Note the use of standard SAM/BAM format tags - looking at the first match:
  • AS:i:1808 - integer alignment score, here 1808
  • NM:i:0 - integer edit distance, here 0
Plus non-standard tags:
  • EV:f:0 - float e-value, here 0
  • PI:f:96.55 - float percent identify, here 96.55
  • BS:f:701.049 - float bit-score, here 701.049

Sadly rather than the real names for the query and matches, BLAST's internal names are being used (e.g. lcl|Query_1 and gnl|BL_ORD_ID|3) rather than gi|57163783|ref|NP_001009242.1| and sp|P08100|OPSD_HUMAN). This reminds me of earlier problems, see my older post "BLAST+ should keep its BL_ORD_ID identifiers to itself".

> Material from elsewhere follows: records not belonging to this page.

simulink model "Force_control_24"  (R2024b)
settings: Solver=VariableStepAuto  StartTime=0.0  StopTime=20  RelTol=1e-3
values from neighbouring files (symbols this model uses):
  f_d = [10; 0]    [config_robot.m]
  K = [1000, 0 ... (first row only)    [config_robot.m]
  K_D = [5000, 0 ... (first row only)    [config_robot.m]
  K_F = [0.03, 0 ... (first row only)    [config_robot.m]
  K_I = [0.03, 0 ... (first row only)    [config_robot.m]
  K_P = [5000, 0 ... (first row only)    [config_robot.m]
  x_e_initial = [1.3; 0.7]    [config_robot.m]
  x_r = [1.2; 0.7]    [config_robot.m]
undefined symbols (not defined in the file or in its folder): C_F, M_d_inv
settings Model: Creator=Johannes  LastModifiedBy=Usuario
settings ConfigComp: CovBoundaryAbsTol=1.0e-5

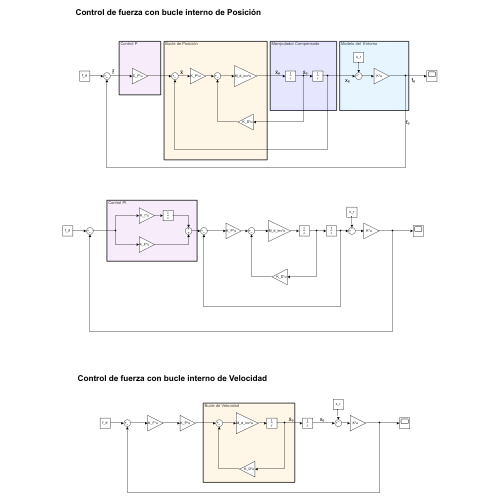
[thumbnail: Simulink's stored preview of the top-level diagram]
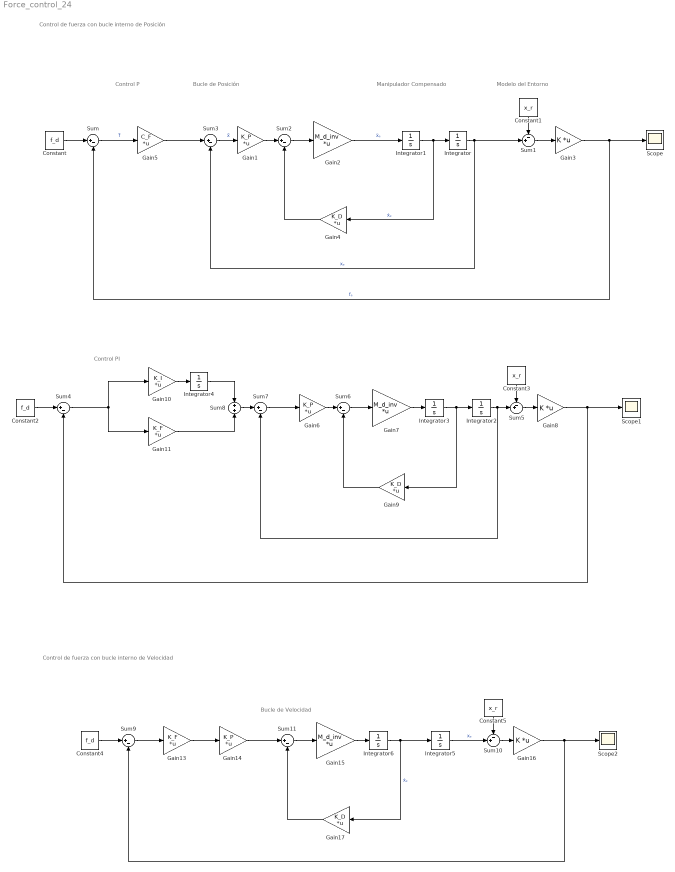
== system Force_control_24 ==
  note: Control de fuerza con bucle interno de Posición
  note: Control PI
  note: Modelo del Entorno
  note: Manipulador Compensado
  note: Bucle de Posición
  note: Control P
  note: Bucle de Velocidad
  note: Control de fuerza con bucle interno de Velocidad
  Constant : Constant  Value=f_d
  Constant1 : Constant  Value=x_r
  Constant2 : Constant  Value=f_d
  Constant3 : Constant  Value=x_r
  Constant4 : Constant  Value=f_d
  Constant5 : Constant  Value=x_r
  Gain1 : Gain  Gain=K_P  Multiplication=Matrix(K*u)
  Gain10 : Gain  Gain=K_I  Multiplication=Matrix(K*u)
  Gain11 : Gain  Gain=K_F  Multiplication=Matrix(K*u)
  Gain13 : Gain  Gain=K_F  Multiplication=Matrix(K*u)
  Gain14 : Gain  Gain=K_P  Multiplication=Matrix(K*u)
  Gain15 : Gain  Gain=M_d_inv  Multiplication=Matrix(K*u)
  Gain16 : Gain  Gain=K  Multiplication=Matrix(K*u)
  Gain17 : Gain  Gain=K_D  Multiplication=Matrix(K*u)
  Gain2 : Gain  Gain=M_d_inv  Multiplication=Matrix(K*u)
  Gain3 : Gain  Gain=K  Multiplication=Matrix(K*u)
  Gain4 : Gain  Gain=K_D  Multiplication=Matrix(K*u)
  Gain5 : Gain  Gain=C_F  Multiplication=Matrix(K*u)
  Gain6 : Gain  Gain=K_P  Multiplication=Matrix(K*u)
  Gain7 : Gain  Gain=M_d_inv  Multiplication=Matrix(K*u)
  Gain8 : Gain  Gain=K  Multiplication=Matrix(K*u)
  Gain9 : Gain  Gain=K_D  Multiplication=Matrix(K*u)
  Integrator : Integrator  InitialCondition=x_e_initial
  Integrator{1,3..4,6} (4 alike) : Integrator
  Integrator2 : Integrator  InitialCondition=x_e_initial
  Integrator5 : Integrator  InitialCondition=x_e_initial
  Scope : Scope
  Scope1 : Scope
  Scope2 : Scope
  Sum{,2..4,6..7,9,11} (8 alike) : Sum  Inputs=|+-
  Sum1 : Sum  Inputs=-+|
  Sum10 : Sum  Inputs=-+|
  Sum5 : Sum  Inputs=-+|
  Sum8 : Sum  Inputs=+|+
  wires:
  Gain5/1 -> Sum3/1
  Gain1/1 -> Sum2/1
  Sum/1 -> Gain5/1  "f̃"
  Constant/1 -> Sum/1
  Integrator1/1 -> Integrator/1, Gain4/1  "ẋₑ"
  Integrator/1 -> Sum1/2, Sum3/2  "xₑ"
  Sum3/1 -> Gain1/1  "x̃"
  Sum2/1 -> Gain2/1
  Gain2/1 -> Integrator1/1  "ẍₑ"
  Gain4/1 -> Sum2/2
  Gain3/1 -> Scope/1, Sum/2  "fₑ"
  Sum1/1 -> Gain3/1
  Constant1/1 -> Sum1/1
  Gain6/1 -> Sum6/1
  Gain9/1 -> Sum6/2
  Constant3/1 -> Sum5/1
  Sum4/1 -> Gain11/1, Gain10/1
  Gain7/1 -> Integrator3/1
  Sum5/1 -> Gain8/1
  Gain8/1 -> Scope1/1, Sum4/2
  Constant2/1 -> Sum4/1
  Integrator3/1 -> Integrator2/1, Gain9/1
  Sum7/1 -> Gain6/1
  Integrator2/1 -> Sum5/2, Sum7/2
  Sum8/1 -> Sum7/1
  Sum6/1 -> Gain7/1
  Gain10/1 -> Integrator4/1
  Integrator4/1 -> Sum8/1
  Gain11/1 -> Sum8/2
  Gain13/1 -> Gain14/1
  Integrator6/1 -> Integrator5/1, Gain17/1  "ẋₑ"
  Gain16/1 -> Scope2/1, Sum9/2
  Sum11/1 -> Gain15/1
  Gain15/1 -> Integrator6/1
  Gain17/1 -> Sum11/2
  Gain14/1 -> Sum11/1
  Sum10/1 -> Gain16/1
  Constant4/1 -> Sum9/1
  Integrator5/1 -> Sum10/2  "xₑ"
  Constant5/1 -> Sum10/1
  Sum9/1 -> Gain13/1

Also there's an obvious bug in the duplication of the "reference" @SQ lines in the header.

For bonus points they should add a @PG line to the header as well, giving the BLAST+ version etc.

Still, as long as these niggles are sorted out for the first official release to offer SAM output, I think this will be surprisingly useful. For now, there are options like the BLAST XML to SAM tool Pierre Lindenbaum's student Aurélien Guy-Duché wrote (blog post, repository).

Update (6 July 2015)

Last night on Zach Charlop-powers got in touch on Twitter (@zach_cp) to report using -parse_deflines fixes the query names, and if the database was built using makeblastdb -parse_seqids ... then this fixes the match names. He put together an example too.

Unfortunately that doesn't work if you are not using the NCBI specific pipe-character based naming scheme (see also My IDs not good enough for NCBI BLAST+).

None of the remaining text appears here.